**TRY IT**
Everything in the data below is left aside except the lines from the one containing "#4=PRODUCT('Part','Part','',(#3));" through the one containing "#8=PRODUCT_DEFINITION('design','',#6,#7);"; repeat those exactly.

** SUPPLIED INFORMATION follows **

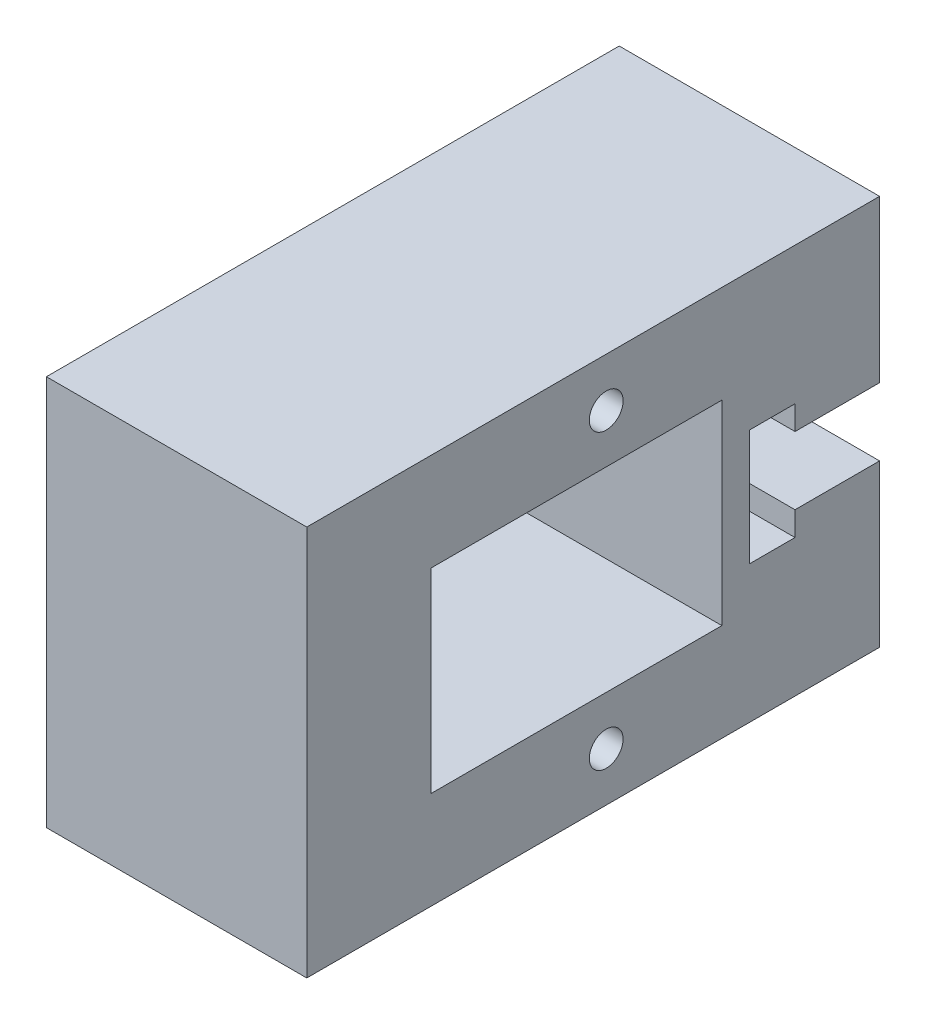
ISO-10303-21;
HEADER;
FILE_DESCRIPTION(('STEP AP214'),'2;1');
FILE_NAME('part.step','',(''),(''),'','','');
FILE_SCHEMA(('AUTOMOTIVE_DESIGN { 1 0 10303 214 1 1 1 1 }'));
ENDSEC;
DATA;
#1=APPLICATION_CONTEXT('core data for automotive mechanical design processes');
#2=APPLICATION_PROTOCOL_DEFINITION('international standard','automotive_design',2000,#1);
#3=PRODUCT_CONTEXT('',#1,'mechanical');
#4=PRODUCT('Part','Part','',(#3));
#5=PRODUCT_RELATED_PRODUCT_CATEGORY('part','',(#4));
#6=PRODUCT_DEFINITION_FORMATION('','',#4);
#7=PRODUCT_DEFINITION_CONTEXT('part definition',#1,'design');
#8=PRODUCT_DEFINITION('design','',#6,#7);
#9=PRODUCT_DEFINITION_SHAPE('','',#8);
#10=(LENGTH_UNIT() NAMED_UNIT(*) SI_UNIT(.MILLI.,.METRE.));
#11=(NAMED_UNIT(*) PLANE_ANGLE_UNIT() SI_UNIT($,.RADIAN.));
#12=(NAMED_UNIT(*) SI_UNIT($,.STERADIAN.) SOLID_ANGLE_UNIT());
#13=UNCERTAINTY_MEASURE_WITH_UNIT(LENGTH_MEASURE(1.E-05),#10,'distance_accuracy_value','');
#14=(GEOMETRIC_REPRESENTATION_CONTEXT(3) GLOBAL_UNCERTAINTY_ASSIGNED_CONTEXT((#13)) GLOBAL_UNIT_ASSIGNED_CONTEXT((#10,
#11,#12)) REPRESENTATION_CONTEXT('',''));
#15=CARTESIAN_POINT('',(0.,0.,0.));
#16=DIRECTION('',(0.,0.,1.));
#17=DIRECTION('',(1.,0.,0.));
#18=AXIS2_PLACEMENT_3D('',#15,#16,#17);
#19=CARTESIAN_POINT('',(3.81,3.175,43.7803718369585));
#20=DIRECTION('',(0.,0.,1.));
#21=DIRECTION('',(1.,0.,0.));
#22=AXIS2_PLACEMENT_3D('',#19,#20,#21);
#23=PLANE('',#22);
#24=DIRECTION('',(-1.,0.,0.));
#25=VECTOR('',#24,1.);
#26=CARTESIAN_POINT('',(25.4,28.575,43.7803718369585));
#27=LINE('',#26,#25);
#28=CARTESIAN_POINT('',(25.4,28.575,43.7803718369585));
#29=VERTEX_POINT('',#28);
#30=CARTESIAN_POINT('',(3.81,28.575,43.7803718369585));
#31=VERTEX_POINT('',#30);
#32=EDGE_CURVE('E199',#29,#31,#27,.T.);
#33=ORIENTED_EDGE('',*,*,#32,.F.);
#34=DIRECTION('',(0.,-1.,0.));
#35=VECTOR('',#34,1.);
#36=CARTESIAN_POINT('',(25.4,3.175,43.7803718369585));
#37=LINE('',#36,#35);
#38=CARTESIAN_POINT('',(25.4,9.525,43.7803718369585));
#39=VERTEX_POINT('',#38);
#40=EDGE_CURVE('E317',#29,#39,#37,.T.);
#41=ORIENTED_EDGE('',*,*,#40,.T.);
#42=DIRECTION('',(-1.,0.,0.));
#43=VECTOR('',#42,1.);
#44=CARTESIAN_POINT('',(25.4,9.525,43.7803718369585));
#45=LINE('',#44,#43);
#46=CARTESIAN_POINT('',(3.81,9.525,43.7803718369585));
#47=VERTEX_POINT('',#46);
#48=EDGE_CURVE('E353',#39,#47,#45,.T.);
#49=ORIENTED_EDGE('',*,*,#48,.T.);
#50=DIRECTION('',(0.,-1.,0.));
#51=VECTOR('',#50,1.);
#52=CARTESIAN_POINT('',(3.81,3.175,43.7803718369585));
#53=LINE('',#52,#51);
#54=EDGE_CURVE('E200',#31,#47,#53,.T.);
#55=ORIENTED_EDGE('',*,*,#54,.F.);
#56=EDGE_LOOP('',(#33,#41,#49,#55));
#57=FACE_BOUND('',#56,.T.);
#58=ADVANCED_FACE('F39',(#57),#23,.F.);
#59=CARTESIAN_POINT('',(3.81,3.175,15.3860528668309));
#60=DIRECTION('',(0.,0.,-1.));
#61=DIRECTION('',(-1.,0.,0.));
#62=AXIS2_PLACEMENT_3D('',#59,#60,#61);
#63=PLANE('',#62);
#64=DIRECTION('',(0.,1.,0.));
#65=VECTOR('',#64,1.);
#66=CARTESIAN_POINT('',(0.,8.255,15.3860528668309));
#67=LINE('',#66,#65);
#68=CARTESIAN_POINT('',(0.,9.525,15.3860528668309));
#69=VERTEX_POINT('',#68);
#70=CARTESIAN_POINT('',(0.,28.575,15.3860528668309));
#71=VERTEX_POINT('',#70);
#72=EDGE_CURVE('E350',#69,#71,#67,.T.);
#73=ORIENTED_EDGE('',*,*,#72,.F.);
#74=DIRECTION('',(-1.,0.,0.));
#75=VECTOR('',#74,1.);
#76=CARTESIAN_POINT('',(25.4,9.525,15.3860528668309));
#77=LINE('',#76,#75);
#78=CARTESIAN_POINT('',(25.4,9.525,15.3860528668309));
#79=VERTEX_POINT('',#78);
#80=EDGE_CURVE('E64',#79,#69,#77,.T.);
#81=ORIENTED_EDGE('',*,*,#80,.F.);
#82=DIRECTION('',(0.,1.,0.));
#83=VECTOR('',#82,1.);
#84=CARTESIAN_POINT('',(25.4,3.175,15.3860528668309));
#85=LINE('',#84,#83);
#86=CARTESIAN_POINT('',(25.4,28.575,15.3860528668309));
#87=VERTEX_POINT('',#86);
#88=EDGE_CURVE('E313',#79,#87,#85,.T.);
#89=ORIENTED_EDGE('',*,*,#88,.T.);
#90=DIRECTION('',(-1.,0.,0.));
#91=VECTOR('',#90,1.);
#92=CARTESIAN_POINT('',(25.4,28.575,15.3860528668309));
#93=LINE('',#92,#91);
#94=EDGE_CURVE('E53',#87,#71,#93,.T.);
#95=ORIENTED_EDGE('',*,*,#94,.T.);
#96=EDGE_LOOP('',(#73,#81,#89,#95));
#97=FACE_BOUND('',#96,.T.);
#98=ADVANCED_FACE('F375',(#97),#63,.F.);
#99=CARTESIAN_POINT('',(3.81,0.,0.));
#100=DIRECTION('',(1.,0.,0.));
#101=DIRECTION('',(0.,0.,-1.));
#102=AXIS2_PLACEMENT_3D('',#99,#100,#101);
#103=PLANE('',#102);
#104=CARTESIAN_POINT('',(3.81,20.0659999999997,37.8193000873051));
#105=DIRECTION('',(1.,0.,0.));
#106=DIRECTION('',(0.,0.,-1.));
#107=AXIS2_PLACEMENT_3D('',#104,#105,#106);
#108=CIRCLE('',#107,3.175);
#109=CARTESIAN_POINT('',(3.81,20.0659999999997,34.6443000873051));
#110=VERTEX_POINT('',#109);
#111=EDGE_CURVE('E311',#110,#110,#108,.F.);
#112=ORIENTED_EDGE('',*,*,#111,.T.);
#113=EDGE_LOOP('',(#112));
#114=FACE_BOUND('',#113,.T.);
#115=DIRECTION('',(0.,-1.,0.));
#116=VECTOR('',#115,1.);
#117=CARTESIAN_POINT('',(3.81,0.,28.5750000000002));
#118=LINE('',#117,#116);
#119=CARTESIAN_POINT('',(3.81,28.575,28.5750000000002));
#120=VERTEX_POINT('',#119);
#121=CARTESIAN_POINT('',(3.81,9.525,28.5750000000002));
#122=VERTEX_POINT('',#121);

** End of SUPPLIED INFORMATION **

**TASK RESPONSE**
#4=PRODUCT('Part','Part','',(#3));
#5=PRODUCT_RELATED_PRODUCT_CATEGORY('part','',(#4));
#6=PRODUCT_DEFINITION_FORMATION('','',#4);
#7=PRODUCT_DEFINITION_CONTEXT('part definition',#1,'design');
#8=PRODUCT_DEFINITION('design','',#6,#7);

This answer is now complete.